Molly Kathleen Burnett (born April 23, 1988) is an American actress, singer and producer. She is best known for portraying the role of Kelly Ann on USA's Queen of the South and the role of Melanie Jonas on the daytime soap opera, Days of Our Lives.

Burnett was nominated for a Daytime Emmy Award in the Outstanding Younger Actress in A Drama Series category in 2010 and 2012, and one for Outstanding Supporting Actress in a Digital Daytime Drama Series in 2018.

Early life
Burnett is the first born child of Katie and David Burnett, and was raised in the Denver suburb of Littleton, Colorado along with her younger brother Will.

While attending Littleton High School, she took on numerous roles at both school and theater companies in the greater Denver area. Her credits include A Midsummer Night's Dream, Noises Off, and the title role in Annie.
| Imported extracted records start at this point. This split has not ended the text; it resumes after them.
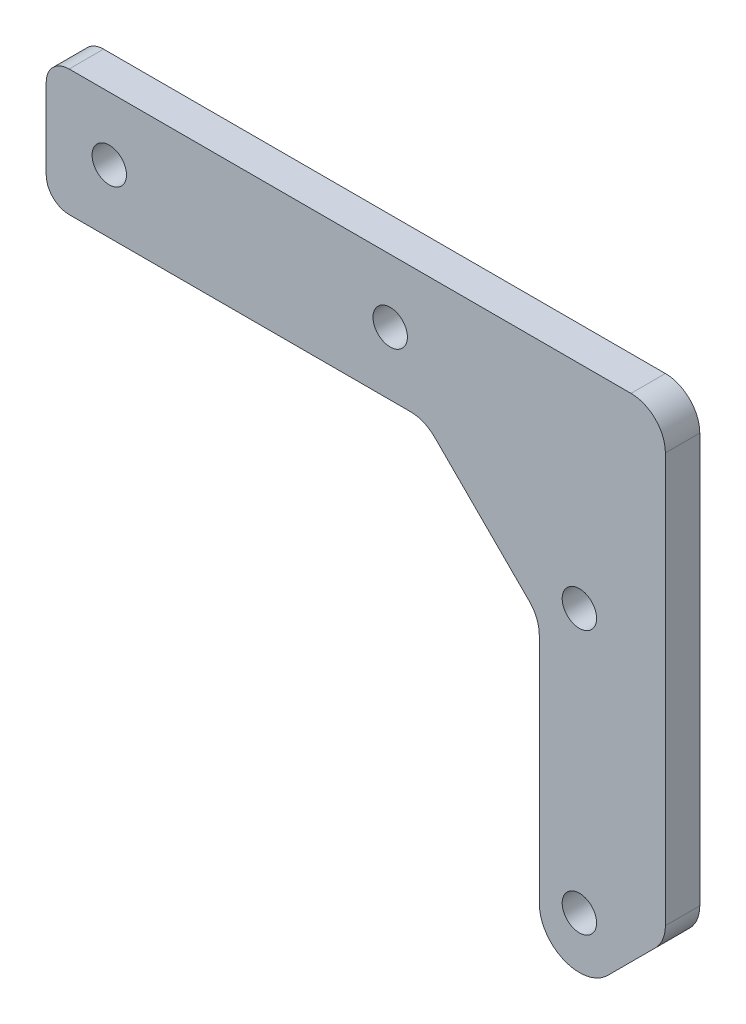
SolidWorks part; units mm, degrees
ref_plane "Спереди" through (0, 0, 0) normal (0, 0, 1) x (1, 0, 0)
ref_plane "Сверху" through (0, 0, 0) normal (0, 1, 0) x (1, 0, 0)
ref_plane "Справа" through (0, 0, 0) normal (1, 0, 0) x (0, 0, -1)
sketch "Эскиз1" plane through (0, 0, 0) normal (0, 0, 1) x (1, 0, 0)
  line L0 (-48.5, 0) -> (5.5, 0) construction
  line L1 (-2, 5.5) -> (-2, -46.5) construction
  line L2 (-48.5, 5.5) -> (-48.5, -5.5)
  line L3 (-48.5, -5.5) -> (-15.5, -5.5)
  line L4 (-5.5, -46.5) -> (5.5, -46.5) construction
  line L5 (-5.5, -15.5) -> (-5.5, -37)
  line L6 (5.5, -34.4497) -> (5.5, 5.5)
  line L7 (5.5, 5.5) -> (-48.5, 5.5)
  line L8 (-15.5, -5.5) -> (-5.5, -15.5)
  line L9 (0, 5.5) -> (0, -46.5) construction
  line L10 (0.4749, -39.4749) -> (5.5, -34.4497)
  line L11 (-5.5, -37) -> (-5.5, -46.5) construction
  line L12 (5.5, -34.4497) -> (5.5, -46.5) construction
  line L13 (-38.5, 5.5) -> (-38.5, -5.5) construction
  arc A0 (-5.5, -37) -> (0.4749, -39.4749) centre (-2, -37) ccw
  circle A4 centre (-18.5, 0) radius 1.5
  circle A5 centre (-43, 0) radius 1.5
  circle A6 centre (-2, -13) radius 1.5
  circle A7 centre (-2, -36) radius 1.5
  dimension "D4" = 11
  dimension "D7" = 13
  dimension "D12" = 3
  dimension "D10" = 45
  dimension "D13" = 24
  dimension "D1" = 11
  dimension "D2" = 43
  dimension "D3" = 52
  dimension "D5" = 10
  dimension "D6" = 45
  dimension "D8" = 3.5
  dimension "D9" = 4.5
  dimension "D11" = 20
  dimension "D14" = 10
  dimension "D16" = 23
extrude "тело" add sketch "Эскиз1" along normal blind 3
fillet "Fillet1" radius 3 4 edges at (5.5, 5.5, 1.5) (5.5, -34.4497, 1.5) (-5.5, -15.5, 1.5) (-15.5, -5.5, 1.5)
chamfer "Фаски под шляпки (левая)" [suppressed] distance 1.5 angle 45
chamfer "Фаски под шляпки (правая)" [suppressed] distance 1.5 angle 45
fillet "Скругление1" radius 2 2 edges at (-48.5, 5.5, 1.5) (-48.5, -5.5, 1.5)

After graduating with honors from Littleton High School, Burnett enrolled at Wagner College, a private liberal arts school on Staten Island.[1]

Career
In 2008, Burnett landed the role of heroine Melanie Jonas on the daytime serial Days of Our Lives. In 2012, she left daytime television to pursue other roles, landing guest spots on such prime time series as CSI: NY and Major Crimes. She also landed her first movie role, portraying Ashley Bloom in the MTV Original Film Ladies Man: A Made Movie, as well as the role of Justine Gable in the Hallmark Hall of Fame film This Magic Moment. In late 2015, Burnett appeared in the multi-episode role of Nina Moore on CSI: Cyber. Burnett's indie film credits include the roles of Lex in the sci-fi thriller Ctrl+Alt+Del, Lisa in The Wedding Party, and of Southern Belle Kate Stenson in Shattered.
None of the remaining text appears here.